Today’s guest post is written by Dustin Fife who holds a doctorate in statistics. He’s also written a few science fiction novels as well. What he has done with this post is sheerly amazing. He used his statistical powers for good and deeply analyzed the money earning potential of self-publishing versus traditional publishing. If you are still on the fence about which route to go with your current work in progress, then read Dustin’s expert advice below:
What’s more lucrative? Traditional or self-publishing?
The results may surprise you…. 🙂
Below, I’m going to flex my statistical muscles. Using the Amazon bestseller list, I’ll show you which publishing route tends to bring home the big bucks.
- The data
- Hugh’s methods versus mine
- How many authors make money
- Indie versus Amazon versus Big Five
- What really matters in publishing
See, here’s the thing. Of late, aspiring writers have been faced with a dilemma–do I self-publish or do I pursue the traditional publishing route? It used to be that there was only one choice. But lately, self-publishing has gained some traction as a viable alternative to the traditional route. And so, what many wanna know is this–will I make more money self-publishing than going through traditional publishing channels?

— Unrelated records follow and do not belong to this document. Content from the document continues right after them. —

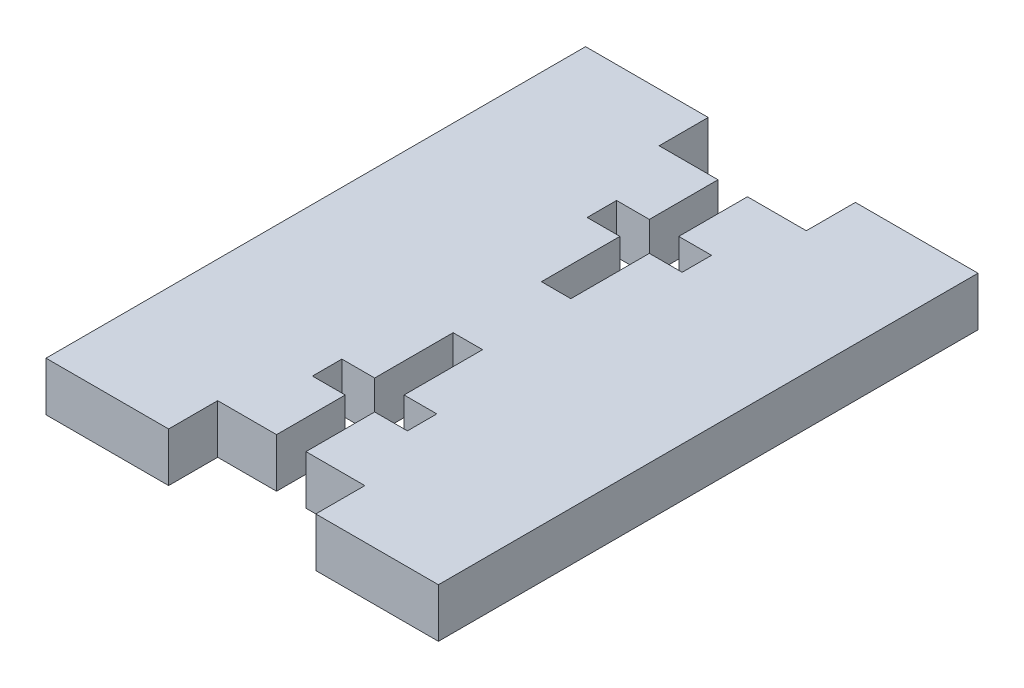
ISO-10303-21;
HEADER;
FILE_DESCRIPTION(('STEP AP214'),'2;1');
FILE_NAME('part.step','',(''),(''),'','','');
FILE_SCHEMA(('AUTOMOTIVE_DESIGN { 1 0 10303 214 1 1 1 1 }'));
ENDSEC;
DATA;
#1=APPLICATION_CONTEXT('core data for automotive mechanical design processes');
#2=APPLICATION_PROTOCOL_DEFINITION('international standard','automotive_design',2000,#1);
#3=PRODUCT_CONTEXT('',#1,'mechanical');
#4=PRODUCT('Part','Part','',(#3));
#5=PRODUCT_RELATED_PRODUCT_CATEGORY('part','',(#4));
#6=PRODUCT_DEFINITION_FORMATION('','',#4);
#7=PRODUCT_DEFINITION_CONTEXT('part definition',#1,'design');
#8=PRODUCT_DEFINITION('design','',#6,#7);
#9=PRODUCT_DEFINITION_SHAPE('','',#8);
#10=(LENGTH_UNIT() NAMED_UNIT(*) SI_UNIT(.MILLI.,.METRE.));
#11=(NAMED_UNIT(*) PLANE_ANGLE_UNIT() SI_UNIT($,.RADIAN.));
#12=(NAMED_UNIT(*) SI_UNIT($,.STERADIAN.) SOLID_ANGLE_UNIT());
#13=UNCERTAINTY_MEASURE_WITH_UNIT(LENGTH_MEASURE(1.E-05),#10,'distance_accuracy_value','');
#14=(GEOMETRIC_REPRESENTATION_CONTEXT(3) GLOBAL_UNCERTAINTY_ASSIGNED_CONTEXT((#13)) GLOBAL_UNIT_ASSIGNED_CONTEXT((#10,
#11,#12)) REPRESENTATION_CONTEXT('',''));
#15=CARTESIAN_POINT('',(0.,0.,0.));
#16=DIRECTION('',(0.,0.,1.));
#17=DIRECTION('',(1.,0.,0.));
#18=AXIS2_PLACEMENT_3D('',#15,#16,#17);
#19=CARTESIAN_POINT('',(-42.0649491402793,-5.,21.7189241382306));
#20=DIRECTION('',(0.,0.,-1.));
#21=DIRECTION('',(1.,0.,0.));
#22=AXIS2_PLACEMENT_3D('',#19,#20,#21);
#23=PLANE('',#22);
#24=DIRECTION('',(1.,0.,0.));
#25=VECTOR('',#24,1.);
#26=CARTESIAN_POINT('',(-42.0649491402793,0.,21.7189241382306));
#27=LINE('',#26,#25);
#28=CARTESIAN_POINT('',(-42.0649491402793,0.,21.7189241382306));
#29=VERTEX_POINT('',#28);
#30=CARTESIAN_POINT('',(-36.0649491402793,0.,21.7189241382306));
#31=VERTEX_POINT('',#30);
#32=EDGE_CURVE('E476',#29,#31,#27,.T.);
#33=ORIENTED_EDGE('',*,*,#32,.F.);
#34=DIRECTION('',(0.,1.,0.));
#35=VECTOR('',#34,1.);
#36=CARTESIAN_POINT('',(-42.0649491402793,-5.,21.7189241382306));
#37=LINE('',#36,#35);
#38=CARTESIAN_POINT('',(-42.0649491402793,-5.,21.7189241382306));
#39=VERTEX_POINT('',#38);
#40=EDGE_CURVE('E486',#39,#29,#37,.T.);
#41=ORIENTED_EDGE('',*,*,#40,.F.);
#42=DIRECTION('',(1.,0.,0.));
#43=VECTOR('',#42,1.);
#44=CARTESIAN_POINT('',(-42.0649491402793,-5.,21.7189241382306));
#45=LINE('',#44,#43);
#46=CARTESIAN_POINT('',(-36.0649491402793,-5.,21.7189241382306));
#47=VERTEX_POINT('',#46);
#48=EDGE_CURVE('E468',#39,#47,#45,.T.);
#49=ORIENTED_EDGE('',*,*,#48,.T.);
#50=DIRECTION('',(0.,1.,0.));
#51=VECTOR('',#50,1.);
#52=CARTESIAN_POINT('',(-36.0649491402793,-5.,21.7189241382306));
#53=LINE('',#52,#51);
#54=EDGE_CURVE('E362',#47,#31,#53,.T.);
#55=ORIENTED_EDGE('',*,*,#54,.T.);
#56=EDGE_LOOP('',(#33,#41,#49,#55));
#57=FACE_BOUND('',#56,.T.);
#58=ADVANCED_FACE('F37',(#57),#23,.F.);
#59=CARTESIAN_POINT('',(-42.0649491402793,-5.,-23.2810758617694));
#60=DIRECTION('',(0.,0.,1.));
#61=DIRECTION('',(-1.,0.,0.));
#62=AXIS2_PLACEMENT_3D('',#59,#60,#61);
#63=PLANE('',#62);
#64=DIRECTION('',(-1.,0.,0.));
#65=VECTOR('',#64,1.);
#66=CARTESIAN_POINT('',(-42.0649491402793,0.,-23.2810758617694));
#67=LINE('',#66,#65);
#68=CARTESIAN_POINT('',(-27.0649491402793,0.,-23.2810758617694));
#69=VERTEX_POINT('',#68);
#70=CARTESIAN_POINT('',(-33.0649491402793,0.,-23.2810758617694));
#71=VERTEX_POINT('',#70);
#72=EDGE_CURVE('E494',#69,#71,#67,.T.);
#73=ORIENTED_EDGE('',*,*,#72,.F.);
#74=DIRECTION('',(0.,1.,0.));
#75=VECTOR('',#74,1.);
#76=CARTESIAN_POINT('',(-27.0649491402793,-5.,-23.2810758617694));
#77=LINE('',#76,#75);
#78=CARTESIAN_POINT('',(-27.0649491402793,-5.,-23.2810758617694));
#79=VERTEX_POINT('',#78);
#80=EDGE_CURVE('E510',#79,#69,#77,.T.);
#81=ORIENTED_EDGE('',*,*,#80,.F.);
#82=DIRECTION('',(-1.,0.,0.));
#83=VECTOR('',#82,1.);
#84=CARTESIAN_POINT('',(-42.0649491402793,-5.,-23.2810758617694));
#85=LINE('',#84,#83);
#86=CARTESIAN_POINT('',(-33.0649491402793,-5.,-23.2810758617694));
#87=VERTEX_POINT('',#86);
#88=EDGE_CURVE('E497',#79,#87,#85,.T.);
#89=ORIENTED_EDGE('',*,*,#88,.T.);
#90=DIRECTION('',(0.,1.,0.));
#91=VECTOR('',#90,1.);
#92=CARTESIAN_POINT('',(-33.0649491402793,-5.,-23.2810758617694));
#93=LINE('',#92,#91);
#94=EDGE_CURVE('E457',#87,#71,#93,.T.);
#95=ORIENTED_EDGE('',*,*,#94,.T.);
#96=EDGE_LOOP('',(#73,#81,#89,#95));
#97=FACE_BOUND('',#96,.T.);
#98=ADVANCED_FACE('F603',(#97),#63,.F.);
#99=CARTESIAN_POINT('',(-54.5649491402793,-5.,26.7189241382306));
#100=DIRECTION('',(0.,0.,1.));
#101=DIRECTION('',(-1.,0.,0.));
#102=AXIS2_PLACEMENT_3D('',#99,#100,#101);
#103=PLANE('',#102);
#104=DIRECTION('',(0.,1.,0.));
#105=VECTOR('',#104,1.);
#106=CARTESIAN_POINT('',(-27.0649491402793,-5.,26.7189241382306));
#107=LINE('',#106,#105);
#108=CARTESIAN_POINT('',(-27.0649491402793,-5.,26.7189241382306));
#109=VERTEX_POINT('',#108);
#110=CARTESIAN_POINT('',(-27.0649491402793,0.,26.7189241382306));
#111=VERTEX_POINT('',#110);
#112=EDGE_CURVE('E480',#109,#111,#107,.T.);
#113=ORIENTED_EDGE('',*,*,#112,.F.);
#114=DIRECTION('',(-1.,0.,0.));
#115=VECTOR('',#114,1.);
#116=CARTESIAN_POINT('',(-54.5649491402793,-5.,26.7189241382306));
#117=LINE('',#116,#115);
#118=CARTESIAN_POINT('',(-14.5649491402793,-5.,26.7189241382306));
#119=VERTEX_POINT('',#118);
#120=EDGE_CURVE('E528',#119,#109,#117,.T.);
#121=ORIENTED_EDGE('',*,*,#120,.F.);
#122=DIRECTION('',(0.,1.,0.));
#123=VECTOR('',#122,1.);
#124=CARTESIAN_POINT('',(-14.5649491402793,-5.,26.7189241382306));
#125=LINE('',#124,#123);
#126=CARTESIAN_POINT('',(-14.5649491402793,0.,26.7189241382306));
#127=VERTEX_POINT('',#126);
#128=EDGE_CURVE('E46',#119,#127,#125,.T.);
#129=ORIENTED_EDGE('',*,*,#128,.T.);
#130=DIRECTION('',(-1.,0.,0.));
#131=VECTOR('',#130,1.);
#132=CARTESIAN_POINT('',(-54.5649491402793,0.,26.7189241382306));
#133=LINE('',#132,#131);
#134=EDGE_CURVE('E521',#127,#111,#133,.T.);
#135=ORIENTED_EDGE('',*,*,#134,.T.);
#136=EDGE_LOOP('',(#113,#121,#129,#135));
#137=FACE_BOUND('',#136,.T.);
#138=ADVANCED_FACE('F609',(#137),#103,.T.);
#139=CARTESIAN_POINT('',(-54.5649491402793,-5.,-28.2810758617694));
#140=DIRECTION('',(0.,0.,-1.));
#141=DIRECTION('',(1.,0.,0.));
#142=AXIS2_PLACEMENT_3D('',#139,#140,#141);
#143=PLANE('',#142);
#144=DIRECTION('',(0.,1.,0.));
#145=VECTOR('',#144,1.);
#146=CARTESIAN_POINT('',(-42.0649491402793,-5.,-28.2810758617694));
#147=LINE('',#146,#145);
#148=CARTESIAN_POINT('',(-42.0649491402793,-5.,-28.2810758617694));
#149=VERTEX_POINT('',#148);
#150=CARTESIAN_POINT('',(-42.0649491402793,0.,-28.2810758617694));
#151=VERTEX_POINT('',#150);
#152=EDGE_CURVE('E500',#149,#151,#147,.T.);
#153=ORIENTED_EDGE('',*,*,#152,.F.);
#154=DIRECTION('',(1.,0.,0.));
#155=VECTOR('',#154,1.);
#156=CARTESIAN_POINT('',(-54.5649491402793,-5.,-28.2810758617694));
#157=LINE('',#156,#155);
#158=CARTESIAN_POINT('',(-54.5649491402793,-5.,-28.2810758617694));
#159=VERTEX_POINT('',#158);
#160=EDGE_CURVE('E522',#159,#149,#157,.T.);
#161=ORIENTED_EDGE('',*,*,#160,.F.);
#162=DIRECTION('',(0.,1.,0.));
#163=VECTOR('',#162,1.);
#164=CARTESIAN_POINT('',(-54.5649491402793,-5.,-28.2810758617694));
#165=LINE('',#164,#163);
#166=CARTESIAN_POINT('',(-54.5649491402793,0.,-28.2810758617694));
#167=VERTEX_POINT('',#166);
#168=EDGE_CURVE('E41',#159,#167,#165,.T.);
#169=ORIENTED_EDGE('',*,*,#168,.T.);
#170=DIRECTION('',(1.,0.,0.));
#171=VECTOR('',#170,1.);
#172=CARTESIAN_POINT('',(-54.5649491402793,0.,-28.2810758617694));
#173=LINE('',#172,#171);
#174=EDGE_CURVE('E533',#167,#151,#173,.T.);
#175=ORIENTED_EDGE('',*,*,#174,.T.);
#176=EDGE_LOOP('',(#153,#161,#169,#175));
#177=FACE_BOUND('',#176,.T.);
#178=ADVANCED_FACE('F553',(#177),#143,.T.);
#179=CARTESIAN_POINT('',(-54.5649491402793,-5.,-28.2810758617694));
#180=DIRECTION('',(-1.,0.,0.));
#181=DIRECTION('',(0.,0.,-1.));
#182=AXIS2_PLACEMENT_3D('',#179,#180,#181);
#183=PLANE('',#182);
#184=DIRECTION('',(0.,0.,-1.));
#185=VECTOR('',#184,1.);
#186=CARTESIAN_POINT('',(-54.5649491402793,0.,-28.2810758617694));
#187=LINE('',#186,#185);
#188=CARTESIAN_POINT('',(-54.5649491402793,0.,26.7189241382306));
#189=VERTEX_POINT('',#188);
#190=EDGE_CURVE('E509',#189,#167,#187,.T.);
#191=ORIENTED_EDGE('',*,*,#190,.T.);
#192=ORIENTED_EDGE('',*,*,#168,.F.);
#193=DIRECTION('',(0.,0.,-1.));
#194=VECTOR('',#193,1.);
#195=CARTESIAN_POINT('',(-54.5649491402793,-5.,-28.2810758617694));
#196=LINE('',#195,#194);
#197=CARTESIAN_POINT('',(-54.5649491402793,-5.,26.7189241382306));
#198=VERTEX_POINT('',#197);
#199=EDGE_CURVE('E518',#198,#159,#196,.T.);
#200=ORIENTED_EDGE('',*,*,#199,.F.);
#201=DIRECTION('',(0.,1.,0.));
#202=VECTOR('',#201,1.);
#203=CARTESIAN_POINT('',(-54.5649491402793,-5.,26.7189241382306));
#204=LINE('',#203,#202);
#205=EDGE_CURVE('E11',#198,#189,#204,.T.);
#206=ORIENTED_EDGE('',*,*,#205,.T.);
#207=EDGE_LOOP('',(#191,#192,#200,#206));
#208=FACE_BOUND('',#207,.T.);
#209=ADVANCED_FACE('F39',(#208),#183,.T.);
#210=DIRECTION('',(0.,1.,0.));
#211=VECTOR('',#210,1.);
#212=CARTESIAN_POINT('',(-42.0649491402793,-5.,26.7189241382306));
#213=LINE('',#212,#211);
#214=CARTESIAN_POINT('',(-42.0649491402793,-5.,26.7189241382306));
#215=VERTEX_POINT('',#214);
#216=CARTESIAN_POINT('',(-42.0649491402793,0.,26.7189241382306));
#217=VERTEX_POINT('',#216);
#218=EDGE_CURVE('E473',#215,#217,#213,.T.);
#219=ORIENTED_EDGE('',*,*,#218,.T.);
#220=EDGE_CURVE('E538',#217,#189,#133,.T.);
#221=ORIENTED_EDGE('',*,*,#220,.T.);
#222=ORIENTED_EDGE('',*,*,#205,.F.);
#223=EDGE_CURVE('E527',#215,#198,#117,.T.);
#224=ORIENTED_EDGE('',*,*,#223,.F.);
#225=EDGE_LOOP('',(#219,#221,#222,#224));
#226=FACE_BOUND('',#225,.T.);
#227=ADVANCED_FACE('F573',(#226),#103,.T.);
#228=CARTESIAN_POINT('',(-14.5649491402793,-5.,-28.2810758617694));
#229=DIRECTION('',(1.,0.,0.));
#230=DIRECTION('',(0.,0.,1.));
#231=AXIS2_PLACEMENT_3D('',#228,#229,#230);
#232=PLANE('',#231);
#233=DIRECTION('',(0.,0.,1.));
#234=VECTOR('',#233,1.);
#235=CARTESIAN_POINT('',(-14.5649491402793,0.,-28.2810758617694));
#236=LINE('',#235,#234);
#237=CARTESIAN_POINT('',(-14.5649491402793,0.,-28.2810758617694));
#238=VERTEX_POINT('',#237);
#239=EDGE_CURVE('E536',#238,#127,#236,.T.);
#240=ORIENTED_EDGE('',*,*,#239,.T.);
#241=ORIENTED_EDGE('',*,*,#128,.F.);
#242=DIRECTION('',(0.,0.,1.));
#243=VECTOR('',#242,1.);
#244=CARTESIAN_POINT('',(-14.5649491402793,-5.,-28.2810758617694));
#245=LINE('',#244,#243);
#246=CARTESIAN_POINT('',(-14.5649491402793,-5.,-28.2810758617694));
#247=VERTEX_POINT('',#246);
#248=EDGE_CURVE('E525',#247,#119,#245,.T.);
#249=ORIENTED_EDGE('',*,*,#248,.F.);
#250=DIRECTION('',(0.,1.,0.));
#251=VECTOR('',#250,1.);
#252=CARTESIAN_POINT('',(-14.5649491402793,-5.,-28.2810758617694));
#253=LINE('',#252,#251);
#254=EDGE_CURVE('E542',#247,#238,#253,.T.);
#255=ORIENTED_EDGE('',*,*,#254,.T.);
#256=EDGE_LOOP('',(#240,#241,#249,#255));
#257=FACE_BOUND('',#256,.T.);
#258=ADVANCED_FACE('F727',(#257),#232,.T.);
#259=DIRECTION('',(0.,1.,0.));
#260=VECTOR('',#259,1.);
#261=CARTESIAN_POINT('',(-27.0649491402793,-5.,-28.2810758617694));
#262=LINE('',#261,#260);
#263=CARTESIAN_POINT('',(-27.0649491402793,-5.,-28.2810758617694));
#264=VERTEX_POINT('',#263);
#265=CARTESIAN_POINT('',(-27.0649491402793,0.,-28.2810758617694));
#266=VERTEX_POINT('',#265);
#267=EDGE_CURVE('E513',#264,#266,#262,.T.);
#268=ORIENTED_EDGE('',*,*,#267,.T.);
#269=EDGE_CURVE('E532',#266,#238,#173,.T.);
#270=ORIENTED_EDGE('',*,*,#269,.T.);
#271=ORIENTED_EDGE('',*,*,#254,.F.);
#272=EDGE_CURVE('E520',#264,#247,#157,.T.);
#273=ORIENTED_EDGE('',*,*,#272,.F.);
#274=EDGE_LOOP('',(#268,#270,#271,#273));
#275=FACE_BOUND('',#274,.T.);
#276=ADVANCED_FACE('F722',(#275),#143,.T.);
#277=CARTESIAN_POINT('',(0.,-5.,0.));
#278=DIRECTION('',(0.,-1.,0.));
#279=DIRECTION('',(0.,0.,1.));
#280=AXIS2_PLACEMENT_3D('',#277,#278,#279);
#281=PLANE('',#280);
#282=DIRECTION('',(0.,0.,-1.));
#283=VECTOR('',#282,1.);
#284=CARTESIAN_POINT('',(-36.0649491402793,-5.,21.7189241382306));
#285=LINE('',#284,#283);
#286=CARTESIAN_POINT('',(-36.0649491402793,-5.,14.7189241382306));
#287=VERTEX_POINT('',#286);
#288=EDGE_CURVE('E315',#47,#287,#285,.T.);
#289=ORIENTED_EDGE('',*,*,#288,.F.);
#290=ORIENTED_EDGE('',*,*,#48,.F.);
#291=DIRECTION('',(0.,0.,-1.));
#292=VECTOR('',#291,1.);
#293=CARTESIAN_POINT('',(-42.0649491402793,-5.,26.7189241382306));
#294=LINE('',#293,#292);
#295=EDGE_CURVE('E464',#215,#39,#294,.T.);
#296=ORIENTED_EDGE('',*,*,#295,.F.);
#297=ORIENTED_EDGE('',*,*,#223,.T.);
#298=ORIENTED_EDGE('',*,*,#199,.T.);
#299=ORIENTED_EDGE('',*,*,#160,.T.);
#300=DIRECTION('',(0.,0.,-1.));
#301=VECTOR('',#300,1.);
#302=CARTESIAN_POINT('',(-42.0649491402793,-5.,-28.2810758617694));
#303=LINE('',#302,#301);
#304=CARTESIAN_POINT('',(-42.0649491402793,-5.,-23.2810758617694));
#305=VERTEX_POINT('',#304);
#306=EDGE_CURVE('E491',#305,#149,#303,.T.);
#307=ORIENTED_EDGE('',*,*,#306,.F.);
#308=CARTESIAN_POINT('',(-36.0649491402793,-5.,-23.2810758617694));
#309=VERTEX_POINT('',#308);
#310=EDGE_CURVE('E496',#309,#305,#85,.T.);
#311=ORIENTED_EDGE('',*,*,#310,.F.);
#312=DIRECTION('',(0.,0.,-1.));
#313=VECTOR('',#312,1.);
#314=CARTESIAN_POINT('',(-36.0649491402793,-5.,-23.2810758617694));
#315=LINE('',#314,#313);
#316=CARTESIAN_POINT('',(-36.0649491402793,-5.,-16.2810758617694));
#317=VERTEX_POINT('',#316);
#318=EDGE_CURVE('E382',#317,#309,#315,.T.);
#319=ORIENTED_EDGE('',*,*,#318,.F.);
#320=DIRECTION('',(1.,0.,0.));
#321=VECTOR('',#320,1.);
#322=CARTESIAN_POINT('',(-36.0649491402793,-5.,-16.2810758617694));
#323=LINE('',#322,#321);
#324=CARTESIAN_POINT('',(-39.4049491402793,-5.,-16.2810758617694));
#325=VERTEX_POINT('',#324);
#326=EDGE_CURVE('E378',#325,#317,#323,.T.);
#327=ORIENTED_EDGE('',*,*,#326,.F.);
#328=DIRECTION('',(0.,0.,-1.));
#329=VECTOR('',#328,1.);
#330=CARTESIAN_POINT('',(-39.4049491402793,-5.,-16.2810758617694));
#331=LINE('',#330,#329);
#332=CARTESIAN_POINT('',(-39.4049491402793,-5.,-13.2810758617694));
#333=VERTEX_POINT('',#332);
#334=EDGE_CURVE('E375',#333,#325,#331,.T.);
#335=ORIENTED_EDGE('',*,*,#334,.F.);
#336=DIRECTION('',(-1.,0.,0.));
#337=VECTOR('',#336,1.);
#338=CARTESIAN_POINT('',(-39.4049491402793,-5.,-13.2810758617694));
#339=LINE('',#338,#337);
#340=CARTESIAN_POINT('',(-36.0649491402793,-5.,-13.2810758617694));
#341=VERTEX_POINT('',#340);
#342=EDGE_CURVE('E405',#341,#333,#339,.T.);
#343=ORIENTED_EDGE('',*,*,#342,.F.);
#344=DIRECTION('',(0.,0.,-1.));
#345=VECTOR('',#344,1.);
#346=CARTESIAN_POINT('',(-36.0649491402793,-5.,-13.2810758617694));
#347=LINE('',#346,#345);
#348=CARTESIAN_POINT('',(-36.0649491402793,-5.,-5.2810758617694));
#349=VERTEX_POINT('',#348);
#350=EDGE_CURVE('E402',#349,#341,#347,.T.);
#351=ORIENTED_EDGE('',*,*,#350,.F.);
#352=DIRECTION('',(-1.,0.,0.));
#353=VECTOR('',#352,1.);
#354=CARTESIAN_POINT('',(-36.0649491402793,-5.,-5.2810758617694));
#355=LINE('',#354,#353);
#356=CARTESIAN_POINT('',(-33.0649491402793,-5.,-5.2810758617694));
#357=VERTEX_POINT('',#356);
#358=EDGE_CURVE('E399',#357,#349,#355,.T.);
#359=ORIENTED_EDGE('',*,*,#358,.F.);
#360=DIRECTION('',(0.,0.,1.));
#361=VECTOR('',#360,1.);
#362=CARTESIAN_POINT('',(-33.0649491402793,-5.,-5.2810758617694));
#363=LINE('',#362,#361);
#364=CARTESIAN_POINT('',(-33.0649491402793,-5.,-13.2810758617694));
#365=VERTEX_POINT('',#364);
#366=EDGE_CURVE('E396',#365,#357,#363,.T.);
#367=ORIENTED_EDGE('',*,*,#366,.F.);
#368=DIRECTION('',(-1.,0.,0.));
#369=VECTOR('',#368,1.);
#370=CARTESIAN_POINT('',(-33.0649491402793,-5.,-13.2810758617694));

The short (and unfortunate) answer is–um….er….it’s kinda difficult to say definitively. To know, we’d need data and all the data we have is less than ideal (see here and here). Some data collected from the traditional publishers suggests ebooks are on the decline and there’s no competition–traditional publishing rules. But others, notably Indie author Hugh Howey have data that suggest otherwise.
Or maybe not.
Or maybe, we don’t know.
(How’s that for a definitive answer!)
Book sales and author earnings are a somewhat closely guarded secret. But, with some fancy pantsy computer scraping and by gathering data from other sources, Hugh and his elusive data wonk have compiled the Holy Grail of information–they have pulled and compiled information from Amazon’s bestseller list.
Stats nerds haven’t seen such an outpouring of data awesomeness since the Netflix competition. When I heard of the Amazon data, I salivated from my statistical glands. And I had to get my hands on it.
And now I do.
So what is the Amazon dataset? Well…see for yourself. It’s the “hourly updated” list of what is currently “hot” in the bookselling world. Each book contains information about publisher, number of ratings, average rating, and most importantly….
Here’s where the guesswork comes in. We don’t know exactly how to translate an Amazon rank into a metric you and I are familiar with, like money and book sales. But we have some guesses. Fortunately for us broke authors, some hotshot authors noticed that, ‘hey, well, what do you know? I’m #1 on Amazon!’ They then reported the number of books they’ve sold. So, if the #1 author reported xxxx number of sales, we can extrapolate and assume that the current person at slot #1 is also selling about as many books (see this). We also don’t know the “cut” each author gets, but we can guess by, again, using other sources from the dubya, dubya, dubya.((By far, the largest limitation of this dataset is that it’s only a snapshot. A book that sold millions six years ago might be selling nothing now. In this dataset, the “salary” of the author would be zero. I’ve attempted to make the data more relevant by only looking at novels published within the last three years. But still…it doesn’t entirely overcome the issue. More on that later.))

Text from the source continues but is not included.